Seals and larceny [YAK]

G’day; A little while ago :wink: when I was in the Royal Navy during
WW2 I was ‘volunteered’ to join a party to go to the shore based bond
store to collect the ships rum ration for the following month. Now
each two gallon stone rum jar was encased in wicker, stoppered with a
cork hammered in to the neck coated with red shellac sealing wax,
and the Royal Navy seal impressed into the hot wax.

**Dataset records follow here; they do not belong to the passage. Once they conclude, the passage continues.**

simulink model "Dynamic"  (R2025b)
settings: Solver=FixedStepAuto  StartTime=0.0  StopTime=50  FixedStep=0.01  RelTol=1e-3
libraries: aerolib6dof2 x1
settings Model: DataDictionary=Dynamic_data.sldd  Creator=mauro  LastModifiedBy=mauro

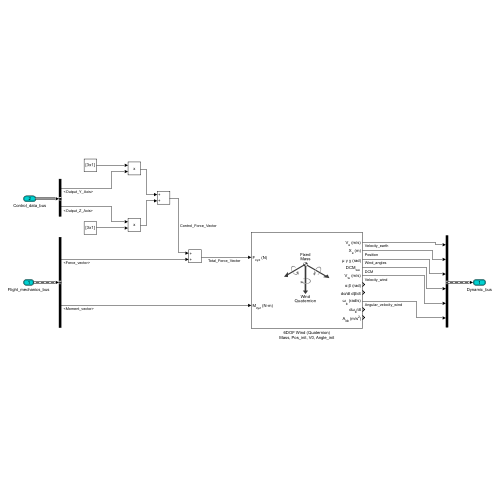
[thumbnail: Simulink's stored preview of the top-level diagram]
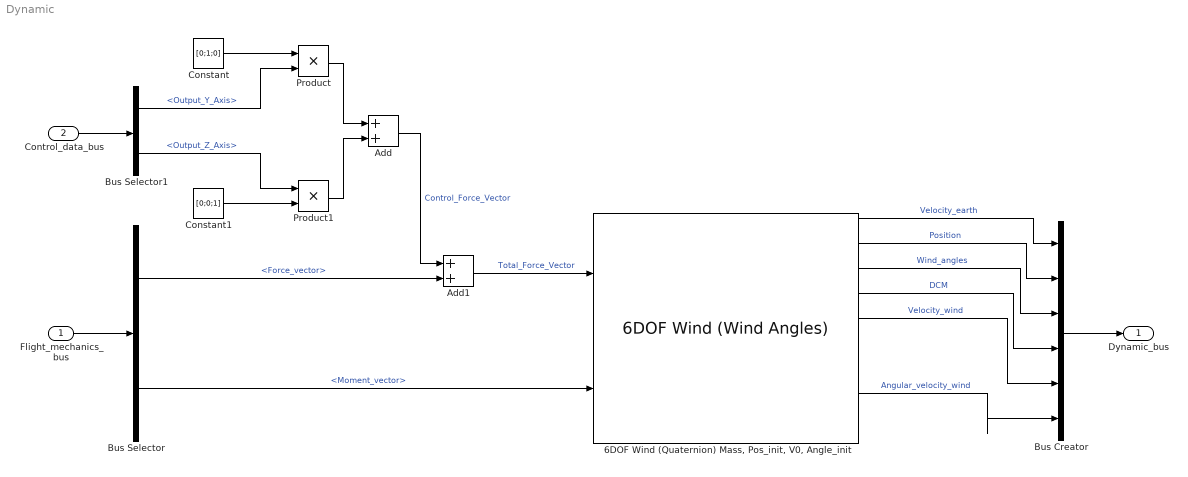
== system Dynamic ==
  Flight_mechanics_bus : Inport  OutDataTypeStr=Bus: Flight_mechanics_bus  BusOutputAsStruct=on
  Control_data_bus : Inport  Port=2  OutDataTypeStr=Bus: Control_data_bus
  "6DOF Wind (Quaternion) Mass, Pos_init, V0, Angle_init" : aerolib6dof2/6DOF Wind (Wind Angles)  units=Metric (MKS)  mtype=Fixed  rep=Quaternion  xme_0=m_pos_init  Vm_0=m_vel_init  wind_0=m_angle_init  pm_0=m_angle_init  mass_0=m_mass  mass_e=0.5  mass_f=2.0  inertia=eye(3)  inertia_e=eye(3)  inertia_f=2*eye(3)  vre_flag=on  abi_flag=off  xme_statename=''  Vm_statename=''  alpha_statename=''  beta_statename=''  wind_statename=''  quat_statename=''  pm_statename=''  mass_statename=''
      settings: LibrarySourceBlock=aerolib6dof2/6DOF Wind (Quaternion)
  Add : Sum
  Add1 : Sum
  Bus Creator : BusCreator  Inputs=6  OutDataTypeStr=Bus: Dynamic_bus  NonVirtualBus=on
  Bus Selector : BusSelector  OutputSignals=Force_vector,Moment_vector
  Bus Selector1 : BusSelector  OutputSignals=Output_Y_Axis,Output_Z_Axis
  Constant : Constant  Value=[0;1;0]
  Constant1 : Constant  Value=[0;0;1]
  Product : Product
  Product1 : Product
  Dynamic_bus : Outport  OutDataTypeStr=Bus: Dynamic_bus  BusOutputAsStruct=on
  wires:
  Flight_mechanics_bus/1 -> Bus Selector/1
  Bus Selector/2 -> "6DOF Wind (Quaternion) Mass, Pos_init, V0, Angle_init"/2  "<Moment_vector>"
  Bus Creator/1 -> Dynamic_bus/1
  "6DOF Wind (Quaternion) Mass, Pos_init, V0, Angle_init"/1 -> Bus Creator/1  "Velocity_earth"
  "6DOF Wind (Quaternion) Mass, Pos_init, V0, Angle_init"/2 -> Bus Creator/2  "Position"
  "6DOF Wind (Quaternion) Mass, Pos_init, V0, Angle_init"/3 -> Bus Creator/3  "Wind_angles"
  "6DOF Wind (Quaternion) Mass, Pos_init, V0, Angle_init"/4 -> Bus Creator/4  "DCM"
  "6DOF Wind (Quaternion) Mass, Pos_init, V0, Angle_init"/5 -> Bus Creator/5  "Velocity_wind"
  "6DOF Wind (Quaternion) Mass, Pos_init, V0, Angle_init"/8 -> Bus Creator/6  "Angular_velocity_wind"
  Bus Selector1/1 -> Product/2  "<Output_Y_Axis>"
  Constant/1 -> Product/1
  Constant1/1 -> Product1/2
  Product/1 -> Add/1
  Add1/1 -> "6DOF Wind (Quaternion) Mass, Pos_init, V0, Angle_init"/1  "Total_Force_Vector"
  Bus Selector/1 -> Add1/2  "<Force_vector>"
  Product1/1 -> Add/2
  Control_data_bus/1 -> Bus Selector1/1
  Add/1 -> Add1/1  "Control_Force_Vector"
  Bus Selector1/2 -> Product1/1  "<Output_Z_Axis>"

So we got the rum duly signed for by the senior rating and took it
to a small empty hut we knew of. We applied a little oil and
surrounded the seal of one jar with putty pilfered from the
carpenter’s shop, mixed up some plaster of paris in an old tin, and
poured it into the seal. The plaster set in less than the time it
took to smoke a cigarette, and the sealing wax chipped off the other
jars. We slammed each jar on a pile of sacks, which drove out the
cork sufficiently to remove it. Out came a half pint of rum, in went
a half pint of water, back went the cork. The scraps of wax were
melted over a match flame in a tobacco tin, poured over the corks,
stamped with the plaster master seal - and back to the ship, the rum
jars seemingly intact but each burglarious sailor with a beer bottle
of stolen rum tucked into sea boot stockings and concealed under bell
bottomed trousers. Nobody ever commented on the poor quality of the
rum. Who said sailors are not resourceful?

Cheers for now,
John Burgess; @John_Burgess2 of Mapua, Nelson NZ

g’day John,

You are truly a man after my own heart, we always knew you were
clever but you have brought the word a whole new meaning.